Assise sur le canapé du patio, je serre mon verre entre mes doigts sans vraiment y toucher, Kenan m'aurait sûrement déjà interdit. La légère chaleur fait coller mes cuisses au cuir, et l'odeur de la viande qui grille sur le brasero me donne des hauts le cœur. Ça devrait être une soirée agréable. L'ambiance est festive, colorée, bruyante. Des guirlandes lumineuses s'entrelacent autour des colonnes, la musique de banda résonne à travers le jardin et les domestiques installent déjà les premières décorations de Noël.

Mais je ne pense qu'à lui.

Maritza est a coter de moi, une jambe repliée sous l'autre, les yeux rivés sur son téléphone. Elle a ce petit tic nerveux, ce froncement de sourcils à chaque fois qu'elle actualise ses messages. Je sais qu'elle s'inquiète aussi.

— Toujours rien ? Demandais-je la voix plus fine que je ne l'aurais cru.

— Silence radio. Souffle-t-elle sans me regarder.

Je me mord l'intérieur de la joue, et pose mon verre sur la table basse. L'angoisse commence à se transformer en colère. De l'autre coter du patio, Don Sebastian est installé dans son fauteuil en osier, l'air parfaitement détendu. Il sirote lentement son aguardiente, son chapeau légèrement incliné sur son front un sourire tranquille aux lèvres. Mais ce sont ses yeux qui me dérange. Il sait. Je le fixe un moment avant de me lever et de m'approcher. Il ne bouche pas quand je m'installe face à lui, il se contente de lever son verre dans ma direction, comme si on partageait un foutu moment de convivialité.

— Ou est-il ? Lâchais-je

Je n'ai pas envie de tourner autour du pot, il est le seul ici à avoir du pouvoir sur Kenan, et surtout, il est le seul à ne pas avoir l'air inquiet. Don Sebastian hausse un sourcil avant de poser son verre sur l'accoudoir.

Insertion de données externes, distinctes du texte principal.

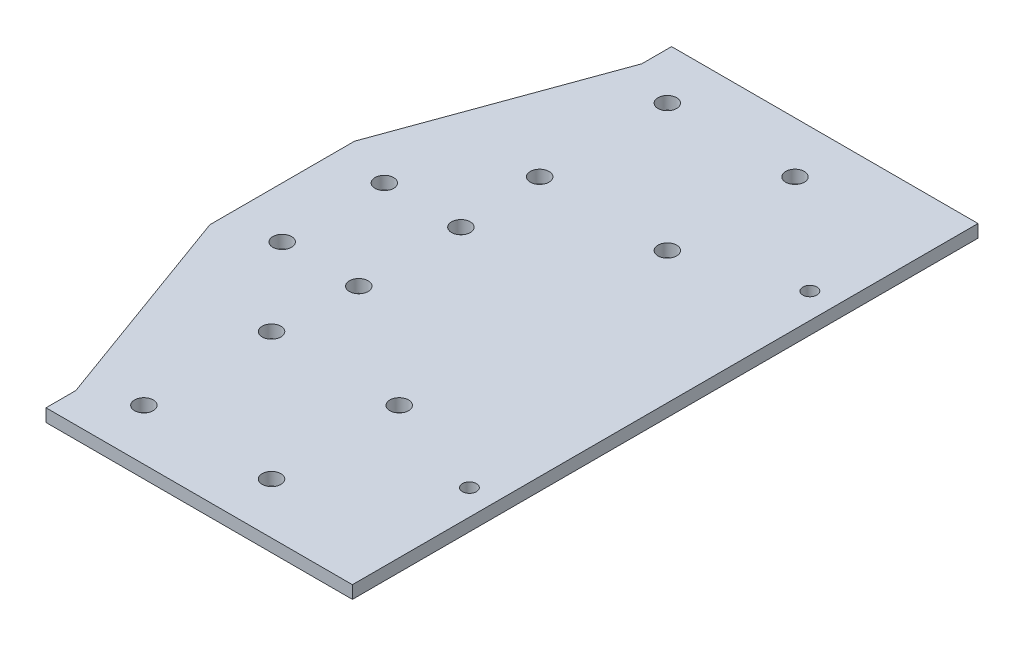
ISO-10303-21;
HEADER;
FILE_DESCRIPTION(('STEP AP214'),'2;1');
FILE_NAME('part.step','',(''),(''),'','','');
FILE_SCHEMA(('AUTOMOTIVE_DESIGN { 1 0 10303 214 1 1 1 1 }'));
ENDSEC;
DATA;
#1=APPLICATION_CONTEXT('core data for automotive mechanical design processes');
#2=APPLICATION_PROTOCOL_DEFINITION('international standard','automotive_design',2000,#1);
#3=PRODUCT_CONTEXT('',#1,'mechanical');
#4=PRODUCT('Part','Part','',(#3));
#5=PRODUCT_RELATED_PRODUCT_CATEGORY('part','',(#4));
#6=PRODUCT_DEFINITION_FORMATION('','',#4);
#7=PRODUCT_DEFINITION_CONTEXT('part definition',#1,'design');
#8=PRODUCT_DEFINITION('design','',#6,#7);
#9=PRODUCT_DEFINITION_SHAPE('','',#8);
#10=(LENGTH_UNIT() NAMED_UNIT(*) SI_UNIT(.MILLI.,.METRE.));
#11=(NAMED_UNIT(*) PLANE_ANGLE_UNIT() SI_UNIT($,.RADIAN.));
#12=(NAMED_UNIT(*) SI_UNIT($,.STERADIAN.) SOLID_ANGLE_UNIT());
#13=UNCERTAINTY_MEASURE_WITH_UNIT(LENGTH_MEASURE(1.E-05),#10,'distance_accuracy_value','');
#14=(GEOMETRIC_REPRESENTATION_CONTEXT(3) GLOBAL_UNCERTAINTY_ASSIGNED_CONTEXT((#13)) GLOBAL_UNIT_ASSIGNED_CONTEXT((#10,
#11,#12)) REPRESENTATION_CONTEXT('',''));
#15=CARTESIAN_POINT('',(0.,0.,0.));
#16=DIRECTION('',(0.,0.,1.));
#17=DIRECTION('',(1.,0.,0.));
#18=AXIS2_PLACEMENT_3D('',#15,#16,#17);
#19=CARTESIAN_POINT('',(0.,3.,0.));
#20=DIRECTION('',(0.,0.,-1.));
#21=DIRECTION('',(-1.,0.,0.));
#22=AXIS2_PLACEMENT_3D('',#19,#20,#21);
#23=PLANE('',#22);
#24=DIRECTION('',(1.,0.,0.));
#25=VECTOR('',#24,1.);
#26=CARTESIAN_POINT('',(0.,0.,0.));
#27=LINE('',#26,#25);
#28=CARTESIAN_POINT('',(-42.1534711504774,0.,0.));
#29=VERTEX_POINT('',#28);
#30=CARTESIAN_POINT('',(29.8465288495226,0.,0.));
#31=VERTEX_POINT('',#30);
#32=EDGE_CURVE('E89',#29,#31,#27,.T.);
#33=ORIENTED_EDGE('',*,*,#32,.T.);
#34=DIRECTION('',(0.,-1.,0.));
#35=VECTOR('',#34,1.);
#36=CARTESIAN_POINT('',(29.8465288495226,3.,0.));
#37=LINE('',#36,#35);
#38=CARTESIAN_POINT('',(29.8465288495226,3.,0.));
#39=VERTEX_POINT('',#38);
#40=EDGE_CURVE('E11',#39,#31,#37,.T.);
#41=ORIENTED_EDGE('',*,*,#40,.F.);
#42=DIRECTION('',(1.,0.,0.));
#43=VECTOR('',#42,1.);
#44=CARTESIAN_POINT('',(-42.1534711504774,3.,0.));
#45=LINE('',#44,#43);
#46=CARTESIAN_POINT('',(-42.1534711504774,3.,0.));
#47=VERTEX_POINT('',#46);
#48=EDGE_CURVE('E95',#47,#39,#45,.T.);
#49=ORIENTED_EDGE('',*,*,#48,.F.);
#50=DIRECTION('',(0.,-1.,0.));
#51=VECTOR('',#50,1.);
#52=CARTESIAN_POINT('',(-42.1534711504774,3.,0.));
#53=LINE('',#52,#51);
#54=EDGE_CURVE('E129',#47,#29,#53,.T.);
#55=ORIENTED_EDGE('',*,*,#54,.T.);
#56=EDGE_LOOP('',(#33,#41,#49,#55));
#57=FACE_BOUND('',#56,.T.);
#58=ADVANCED_FACE('F35',(#57),#23,.F.);
#59=CARTESIAN_POINT('',(29.8465288495226,3.,0.));
#60=DIRECTION('',(-1.,0.,0.));
#61=DIRECTION('',(0.,0.,1.));
#62=AXIS2_PLACEMENT_3D('',#59,#60,#61);
#63=PLANE('',#62);
#64=DIRECTION('',(0.,0.,-1.));
#65=VECTOR('',#64,1.);
#66=CARTESIAN_POINT('',(29.8465288495226,0.,0.));
#67=LINE('',#66,#65);
#68=CARTESIAN_POINT('',(29.8465288495226,0.,-147.));
#69=VERTEX_POINT('',#68);
#70=EDGE_CURVE('E134',#31,#69,#67,.T.);
#71=ORIENTED_EDGE('',*,*,#70,.T.);
#72=DIRECTION('',(0.,-1.,0.));
#73=VECTOR('',#72,1.);
#74=CARTESIAN_POINT('',(29.8465288495226,3.,-147.));
#75=LINE('',#74,#73);
#76=CARTESIAN_POINT('',(29.8465288495226,3.,-147.));
#77=VERTEX_POINT('',#76);
#78=EDGE_CURVE('E44',#77,#69,#75,.T.);
#79=ORIENTED_EDGE('',*,*,#78,.F.);
#80=DIRECTION('',(0.,0.,-1.));
#81=VECTOR('',#80,1.);
#82=CARTESIAN_POINT('',(29.8465288495226,3.,0.));
#83=LINE('',#82,#81);
#84=EDGE_CURVE('E227',#39,#77,#83,.T.);
#85=ORIENTED_EDGE('',*,*,#84,.F.);
#86=ORIENTED_EDGE('',*,*,#40,.T.);
#87=EDGE_LOOP('',(#71,#79,#85,#86));
#88=FACE_BOUND('',#87,.T.);
#89=ADVANCED_FACE('F218',(#88),#63,.F.);
#90=CARTESIAN_POINT('',(-42.1534711504775,3.,-147.));
#91=DIRECTION('',(0.,0.,1.));
#92=DIRECTION('',(1.,0.,0.));
#93=AXIS2_PLACEMENT_3D('',#90,#91,#92);
#94=PLANE('',#93);
#95=DIRECTION('',(-1.,0.,0.));
#96=VECTOR('',#95,1.);
#97=CARTESIAN_POINT('',(-42.1534711504775,0.,-147.));
#98=LINE('',#97,#96);
#99=CARTESIAN_POINT('',(-42.1534711504775,0.,-147.));
#100=VERTEX_POINT('',#99);
#101=EDGE_CURVE('E137',#69,#100,#98,.T.);
#102=ORIENTED_EDGE('',*,*,#101,.T.);
#103=DIRECTION('',(0.,-1.,0.));
#104=VECTOR('',#103,1.);
#105=CARTESIAN_POINT('',(-42.1534711504775,3.,-147.));
#106=LINE('',#105,#104);
#107=CARTESIAN_POINT('',(-42.1534711504775,3.,-147.));
#108=VERTEX_POINT('',#107);
#109=EDGE_CURVE('E154',#108,#100,#106,.T.);
#110=ORIENTED_EDGE('',*,*,#109,.F.);
#111=DIRECTION('',(-1.,0.,0.));
#112=VECTOR('',#111,1.);
#113=CARTESIAN_POINT('',(0.,3.,-147.));
#114=LINE('',#113,#112);
#115=EDGE_CURVE('E238',#77,#108,#114,.T.);
#116=ORIENTED_EDGE('',*,*,#115,.F.);
#117=ORIENTED_EDGE('',*,*,#78,.T.);
#118=EDGE_LOOP('',(#102,#110,#116,#117));
#119=FACE_BOUND('',#118,.T.);
#120=ADVANCED_FACE('F223',(#119),#94,.F.);
#121=CARTESIAN_POINT('',(-42.1534711504774,3.,-140.));
#122=DIRECTION('',(1.,0.,0.));
#123=DIRECTION('',(0.,0.,-1.));
#124=AXIS2_PLACEMENT_3D('',#121,#122,#123);
#125=PLANE('',#124);
#126=DIRECTION('',(0.,0.,1.));
#127=VECTOR('',#126,1.);
#128=CARTESIAN_POINT('',(-42.1534711504774,0.,-140.));
#129=LINE('',#128,#127);
#130=CARTESIAN_POINT('',(-42.1534711504774,0.,-140.));
#131=VERTEX_POINT('',#130);
#132=EDGE_CURVE('E139',#100,#131,#129,.T.);
#133=ORIENTED_EDGE('',*,*,#132,.T.);
#134=DIRECTION('',(0.,-1.,0.));
#135=VECTOR('',#134,1.);
#136=CARTESIAN_POINT('',(-42.1534711504774,3.,-140.));
#137=LINE('',#136,#135);
#138=CARTESIAN_POINT('',(-42.1534711504774,3.,-140.));
#139=VERTEX_POINT('',#138);
#140=EDGE_CURVE('E151',#139,#131,#137,.T.);
#141=ORIENTED_EDGE('',*,*,#140,.F.);
#142=DIRECTION('',(0.,0.,1.));
#143=VECTOR('',#142,1.);
#144=CARTESIAN_POINT('',(-42.1534711504774,3.,-140.));
#145=LINE('',#144,#143);
#146=EDGE_CURVE('E237',#108,#139,#145,.T.);
#147=ORIENTED_EDGE('',*,*,#146,.F.);
#148=ORIENTED_EDGE('',*,*,#109,.T.);
#149=EDGE_LOOP('',(#133,#141,#147,#148));
#150=FACE_BOUND('',#149,.T.);
#151=ADVANCED_FACE('F235',(#150),#125,.F.);
#152=CARTESIAN_POINT('',(-60.1534711504774,3.,-90.5));
#153=DIRECTION('',(0.939793423488437,0.,0.341743063086704));
#154=DIRECTION('',(0.341743063086705,0.,-0.939793423488437));
#155=AXIS2_PLACEMENT_3D('',#152,#153,#154);
#156=PLANE('',#155);
#157=DIRECTION('',(-0.341743063086705,0.,0.939793423488437));
#158=VECTOR('',#157,1.);
#159=CARTESIAN_POINT('',(-60.1534711504774,0.,-90.5));
#160=LINE('',#159,#158);
#161=CARTESIAN_POINT('',(-60.1534711504774,0.,-90.5));
#162=VERTEX_POINT('',#161);
#163=EDGE_CURVE('E141',#131,#162,#160,.T.);
#164=ORIENTED_EDGE('',*,*,#163,.T.);
#165=DIRECTION('',(0.,-1.,0.));
#166=VECTOR('',#165,1.);
#167=CARTESIAN_POINT('',(-60.1534711504774,3.,-90.5));
#168=LINE('',#167,#166);
#169=CARTESIAN_POINT('',(-60.1534711504774,3.,-90.5));
#170=VERTEX_POINT('',#169);
#171=EDGE_CURVE('E124',#170,#162,#168,.T.);
#172=ORIENTED_EDGE('',*,*,#171,.F.);
#173=DIRECTION('',(-0.341743063086705,0.,0.939793423488437));
#174=VECTOR('',#173,1.);
#175=CARTESIAN_POINT('',(-60.1534711504774,3.,-90.5));
#176=LINE('',#175,#174);
#177=EDGE_CURVE('E115',#139,#170,#176,.T.);
#178=ORIENTED_EDGE('',*,*,#177,.F.);
#179=ORIENTED_EDGE('',*,*,#140,.T.);
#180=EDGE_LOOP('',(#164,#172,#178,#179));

— Bonjour à toi aussi, River.

— Épargne-moi ça, je sais que tu sais où il est. Dis-je en m'appuyant contre la table.

Il prend son temps. Lisse le tissu fin de sa chemise blanche, ajuste sa bague en or.

— Kenan est un grand garçon, il va bien. Répond-t-il d'un ton léger.

— Alors où il est ?

Son sourire s'élargit, mais il ne répond pas. Il se contente de tapoter l'accoudoir du fauteuil, comme si la conversation ne l'intéressait pas.

— Tu devrais profiter de ta soirée, mija. Noël approche, c'est une période pour célébrer, pas pour s'inquiéter. (Chérie.)

Ma gorge se serre. Il esquive, il me prend pour une conne.

— Pourquoi tu ne veux pas me le dire ? Demandais-je la voix plus basse.

Il attrape lentement son verre tout en me regardant, putain il a ce regard...Kenan a identiquement le même. Il fait tournoyer son verre entre ses doigts.

— Par ce que parfois, certaines choses ne concernent que les hommes. Souffle-t-il avant de porter l'alcool à ses lèvres.

Un frisson glacer me parcours le dos. Il sait exactement où est Kenan, mais il ne me le dira pas. Puis soudain, quelques éclat de rire annoncent l'arrivée de deux personnes. Une voix masculine, enjouée, un peu trop bruyante et reconnaissable. Suivie d'un léger rire, plus mature, plus doux. Je me redresse légèrement, le regard attiré par la silhouette qui approche. Alex. Son sourire est large, une énergie plutôt...débordante, comme d'habitude. Il claque des mains, fait tournoyer une bouteille de tequila entre ses doigts avant de la déposer sur la table.